- TRY IT -
Taking the line with "CO3620-2G Plant/1(Pos_m) ->" as the first and the line with "Q2 : Inport" as the last, set down the lines below exactly, pictures excluded.

(MATERIAL PROVIDED Opens)

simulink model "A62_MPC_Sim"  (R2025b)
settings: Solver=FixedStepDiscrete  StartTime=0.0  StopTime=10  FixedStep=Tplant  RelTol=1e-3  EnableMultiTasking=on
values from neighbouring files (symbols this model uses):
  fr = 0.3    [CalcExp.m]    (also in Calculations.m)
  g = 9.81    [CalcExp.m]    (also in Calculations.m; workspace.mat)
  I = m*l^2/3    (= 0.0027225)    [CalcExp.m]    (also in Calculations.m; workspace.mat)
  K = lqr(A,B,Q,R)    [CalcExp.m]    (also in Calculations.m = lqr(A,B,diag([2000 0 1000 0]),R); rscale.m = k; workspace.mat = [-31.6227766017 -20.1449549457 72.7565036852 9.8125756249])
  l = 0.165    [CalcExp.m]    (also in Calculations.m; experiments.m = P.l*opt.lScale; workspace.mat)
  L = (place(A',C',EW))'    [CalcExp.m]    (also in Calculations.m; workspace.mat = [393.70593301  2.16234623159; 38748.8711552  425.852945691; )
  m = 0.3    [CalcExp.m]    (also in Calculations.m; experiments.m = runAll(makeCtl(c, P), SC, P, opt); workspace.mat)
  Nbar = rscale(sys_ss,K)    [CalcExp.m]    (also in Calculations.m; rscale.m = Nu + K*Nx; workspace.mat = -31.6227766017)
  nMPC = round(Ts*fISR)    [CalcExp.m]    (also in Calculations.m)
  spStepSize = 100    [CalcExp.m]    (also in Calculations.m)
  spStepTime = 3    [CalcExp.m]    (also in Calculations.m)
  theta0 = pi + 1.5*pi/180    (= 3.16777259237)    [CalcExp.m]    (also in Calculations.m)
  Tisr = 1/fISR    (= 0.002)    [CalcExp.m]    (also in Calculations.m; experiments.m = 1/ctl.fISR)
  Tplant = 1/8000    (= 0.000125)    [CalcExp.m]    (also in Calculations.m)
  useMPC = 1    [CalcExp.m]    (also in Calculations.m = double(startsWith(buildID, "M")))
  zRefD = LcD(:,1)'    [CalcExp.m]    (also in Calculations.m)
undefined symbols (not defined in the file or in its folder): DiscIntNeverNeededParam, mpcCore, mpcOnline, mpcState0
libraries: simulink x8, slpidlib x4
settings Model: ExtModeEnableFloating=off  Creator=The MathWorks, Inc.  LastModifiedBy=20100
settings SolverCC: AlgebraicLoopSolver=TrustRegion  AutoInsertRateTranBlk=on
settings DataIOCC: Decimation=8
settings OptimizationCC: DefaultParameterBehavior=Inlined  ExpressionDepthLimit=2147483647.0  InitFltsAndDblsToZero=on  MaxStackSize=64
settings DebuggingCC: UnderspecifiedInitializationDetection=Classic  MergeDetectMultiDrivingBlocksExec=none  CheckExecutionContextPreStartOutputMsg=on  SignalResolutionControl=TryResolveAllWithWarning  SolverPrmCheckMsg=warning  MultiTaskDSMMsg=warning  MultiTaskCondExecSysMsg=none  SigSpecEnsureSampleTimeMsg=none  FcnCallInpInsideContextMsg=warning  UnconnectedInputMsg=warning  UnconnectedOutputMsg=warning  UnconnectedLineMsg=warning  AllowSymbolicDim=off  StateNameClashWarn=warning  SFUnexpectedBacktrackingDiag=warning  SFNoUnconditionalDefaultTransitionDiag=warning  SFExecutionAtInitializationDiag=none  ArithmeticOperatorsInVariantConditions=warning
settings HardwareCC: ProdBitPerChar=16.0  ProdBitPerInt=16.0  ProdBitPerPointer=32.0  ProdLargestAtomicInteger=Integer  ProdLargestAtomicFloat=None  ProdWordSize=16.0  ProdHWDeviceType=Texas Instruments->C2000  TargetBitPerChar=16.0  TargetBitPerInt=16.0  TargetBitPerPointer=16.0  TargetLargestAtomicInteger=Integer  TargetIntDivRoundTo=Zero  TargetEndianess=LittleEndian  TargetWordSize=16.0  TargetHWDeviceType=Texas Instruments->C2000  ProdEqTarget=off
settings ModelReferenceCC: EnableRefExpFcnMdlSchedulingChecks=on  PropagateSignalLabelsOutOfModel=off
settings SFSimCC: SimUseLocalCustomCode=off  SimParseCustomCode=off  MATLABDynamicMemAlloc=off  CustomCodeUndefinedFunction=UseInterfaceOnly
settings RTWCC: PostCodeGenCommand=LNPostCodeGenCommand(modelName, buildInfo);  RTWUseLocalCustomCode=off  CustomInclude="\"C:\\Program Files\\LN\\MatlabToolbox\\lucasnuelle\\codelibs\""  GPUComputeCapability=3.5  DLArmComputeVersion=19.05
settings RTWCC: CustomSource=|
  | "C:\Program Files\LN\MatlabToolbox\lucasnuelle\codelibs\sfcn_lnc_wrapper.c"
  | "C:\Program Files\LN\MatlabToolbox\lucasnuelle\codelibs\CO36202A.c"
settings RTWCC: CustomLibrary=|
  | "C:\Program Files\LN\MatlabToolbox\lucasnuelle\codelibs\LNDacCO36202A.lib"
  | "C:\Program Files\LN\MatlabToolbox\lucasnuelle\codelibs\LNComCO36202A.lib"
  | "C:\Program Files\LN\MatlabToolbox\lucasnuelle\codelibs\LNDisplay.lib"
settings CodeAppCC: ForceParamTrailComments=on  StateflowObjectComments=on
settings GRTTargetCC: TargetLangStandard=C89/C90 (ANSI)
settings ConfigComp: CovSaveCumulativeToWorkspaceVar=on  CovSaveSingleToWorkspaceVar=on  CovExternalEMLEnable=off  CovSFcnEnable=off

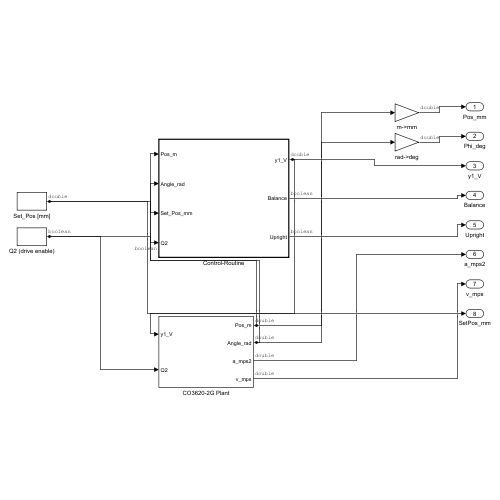
[thumbnail: Simulink's stored preview of the top-level diagram]
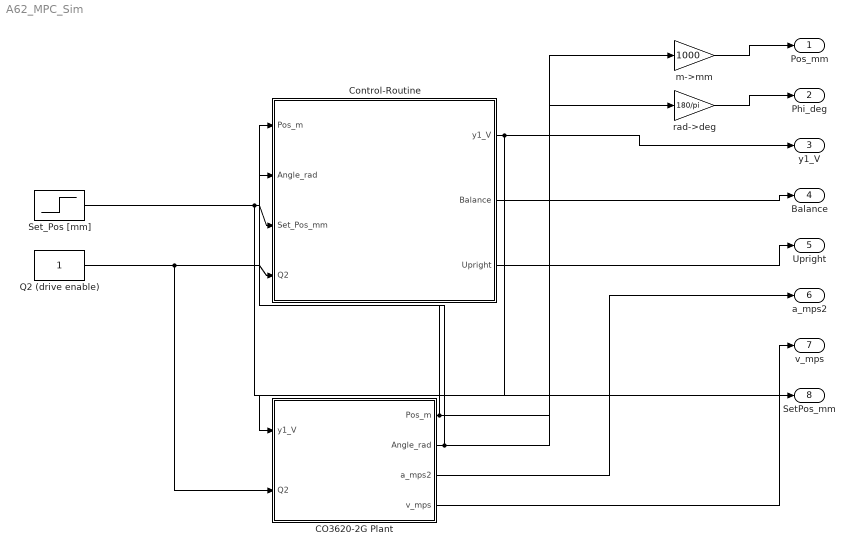
== system A62_MPC_Sim ==
  CO3620-2G Plant : Subsystem
  Control-Routine : Subsystem  TreatAsAtomicUnit=on  SystemSampleTime=Tisr  RTWFcnName=ControlInterruptSerivceRoutine
      settings: RTWSystemCode=Nonreusable function  RTWFcnNameOpts=User specified
  Q2 (drive enable) : Constant  OutDataTypeStr=boolean  SampleTime=Tisr
  Set_Pos [mm] : Step  Time=spStepTime  After=spStepSize  SampleTime=Tisr
  m->mm : Gain  Gain=1000
  rad->deg : Gain  Gain=180/pi
  Pos_mm : Outport
  Phi_deg : Outport  Port=2
  y1_V : Outport  Port=3
  Balance : Outport  Port=4
  Upright : Outport  Port=5
  a_mps2 : Outport  Port=6
  v_mps : Outport  Port=7
  SetPos_mm : Outport  Port=8
  wires:
  CO3620-2G Plant/1(Pos_m) -> Control-Routine/1(Pos_m), m->mm/1
  CO3620-2G Plant/2(Angle_rad) -> Control-Routine/2(Angle_rad), rad->deg/1
  Set_Pos [mm]/1 -> Control-Routine/3(Set_Pos_mm), SetPos_mm/1
  Q2 (drive enable)/1 -> Control-Routine/4(Q2), CO3620-2G Plant/2(Q2)
  Control-Routine/1(y1_V) -> CO3620-2G Plant/1(y1_V), y1_V/1
  m->mm/1 -> Pos_mm/1
  rad->deg/1 -> Phi_deg/1
  Control-Routine/2(Balance) -> Balance/1
  Control-Routine/3(Upright) -> Upright/1
  CO3620-2G Plant/3(a_mps2) -> a_mps2/1
  CO3620-2G Plant/4(v_mps) -> v_mps/1

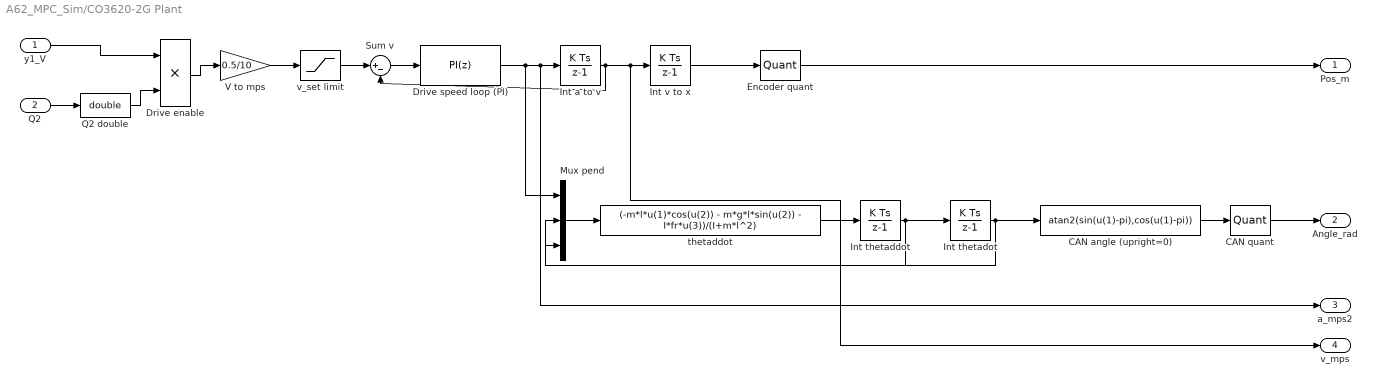
== system A62_MPC_Sim/CO3620-2G Plant ==
  y1_V : Inport
  Q2 : Inport  Port=2
  CAN angle (upright=0) : Fcn  Expr=atan2(sin(u(1)-pi),cos(u(1)-pi))
  CAN quant : Quantizer  QuantizationInterval=qAng
  Drive enable : Product
  Drive speed loop (PI) : slpidlib/PID Controller  Controller=PI  Form=Parallel  TimeDomain=Discrete-time  UseExternalTs=off  SampleTime=Tplant  IntegratorMethod=Forward Euler  FilterMethod=Forward Euler  ControllerParametersSource=internal  P=100  I=30  UseKiTs=off  D=0  UseExternalDerivativeSource=off  N=100  UseFilter=on  TunerSelectOption=Transfer Function Based (PID Tuner App)  InitialConditionSource=internal  InitialConditionForIntegrator=0  InitialConditionForFilter=0  DifferentiatorICPrevScaledInput=0  ExternalReset=none  TrackingMode=off  Kt=1  LimitOutput=on  SatLimitsSource=internal  UpperSaturationLimit=10  LowerSaturationLimit=-10  LinearizeAsGain=off  AntiWindupMode=back-calculation  Kb=1  LimitIntegrator=off  UpperIntegratorSaturationLimit=inf  LowerIntegratorSaturationLimit=-inf  POutMin=[]  POutMax=[]  IOutMin=[]  IOutMax=[]  DOutMin=[]  DOutMax=[]  NOutMin=[]  NOutMax=[]  SumOutMin=[]  SumOutMax=[]  SaturationOutMin=[]  SaturationOutMax=[]  PParamMin=[]  PParamMax=[]  IParamMin=[]  IParamMax=[]  DParamMin=[]  DParamMax=[]  NParamMin=[]  NParamMax=[]  KbParamMin=[]  KbParamMax=[]  KtParamMin=[]  KtParamMax=[]  KbOutMin=[]  KbOutMax=[]  KtOutMin=[]  KtOutMax=[]  IntegratorOutMin=[]  IntegratorOutMax=[]  FilterOutMin=[]  FilterOutMax=[]  SumI1OutMin=[]  SumI1OutMax=[]  SumI2OutMin=[]  SumI2OutMax=[]  SumI3OutMin=[]  SumI3OutMax=[]  SumI4OutMin=[]  SumI4OutMax=[]  SumDOutMin=[]  SumDOutMax=[]  DifferentiatorOutMin=[]  DifferentiatorOutMax=[]  FilterDiffOutCoefMin=[]  FilterDiffOutCoefMax=[]  ReciprocalOutMin=[]  ReciprocalOutMax=[]  SumDenOutMin=[]  SumDenOutMax=[]  SumNumOutMin=[]  SumNumOutMax=[]  DivideOutMin=[]  DivideOutMax=[]  UdiffTsProdOutMin=[]  UdiffTsProdOutMax=[]  NTsProdOutMin=[]  NTsProdOutMax=[]  UintegralTsProdOutMin=[]  UintegralTsProdOutMax=[]  UngainTsProdOutMin=[]  UngainTsProdOutMax=[]  ClampingZeroOutDataTypeStr=Inherit: Inherit via back propagation  ClampingZeroOutMin=[]  ClampingZeroOutMax=[]  FilterDenConstantOutDataTypeStr=Inherit: Inherit via back propagation  FilterDenConstantOutMin=[]  FilterDenConstantOutMax=[]  PCopyOutDataTypeStr=Inherit: Inherit via back propagation  PCopyOutMin=[]  PCopyOutMax=[]  NCopyOutDataTypeStr=Inherit: Inherit via back propagation  NCopyOutMin=[]  NCopyOutMax=[]  IntegratorContinuousStateAttributes=''  IntegratorStateMustResolveToSignalObject=off  IntegratorRTWStateStorageClass=Auto  FilterContinuousStateAttributes=''  FilterStateMustResolveToSignalObject=off  FilterRTWStateStorageClass=Auto  ParallelPVariant=InternalParameters  IdealPVariant=Disabled  IVariant=InternalParameters  DVariant=Disabled  IntegratorVariant=Discrete  SatVariant=Enabled  AWVariant=BackCalculation  PCopyVariant=Disabled  TRVariant=Disabled  FdbkBlocksVariant=Forward  IdealPFdbkVariant=Disabled  SatFdbkVariant=Disabled  DerivativeFilterVariant=Disabled  NVariant=Disabled  NCopyVariant=Disabled_SignalSpec  FilterICVariant=Disabled  IntegratorICVariant=InternalICs  ExternalResetVariant=Disabled  TRSumVariant=Passthrough  SumFdbkVariant=Disabled  SumVariant=Sum_PI  TsampFilterVariant=InternalTs  TsampNgainVariant=Passthrough  TsampIntegralVariant=Disabled_SignalSpec  ExternalSaturationOutDataTypeStr=Inherit: Same as second input  DerivativeSourceVariant=Disabled  PreIntVariant=InternalPreInt
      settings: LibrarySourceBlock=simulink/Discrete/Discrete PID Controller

(MATERIAL PROVIDED Closes)

- ANSWER SPACE -
  CO3620-2G Plant/1(Pos_m) -> Control-Routine/1(Pos_m), m->mm/1
  CO3620-2G Plant/2(Angle_rad) -> Control-Routine/2(Angle_rad), rad->deg/1
  Set_Pos [mm]/1 -> Control-Routine/3(Set_Pos_mm), SetPos_mm/1
  Q2 (drive enable)/1 -> Control-Routine/4(Q2), CO3620-2G Plant/2(Q2)
  Control-Routine/1(y1_V) -> CO3620-2G Plant/1(y1_V), y1_V/1
  m->mm/1 -> Pos_mm/1
  rad->deg/1 -> Phi_deg/1
  Control-Routine/2(Balance) -> Balance/1
  Control-Routine/3(Upright) -> Upright/1
  CO3620-2G Plant/3(a_mps2) -> a_mps2/1
  CO3620-2G Plant/4(v_mps) -> v_mps/1

== system A62_MPC_Sim/CO3620-2G Plant ==
  y1_V : Inport
  Q2 : Inport  Port=2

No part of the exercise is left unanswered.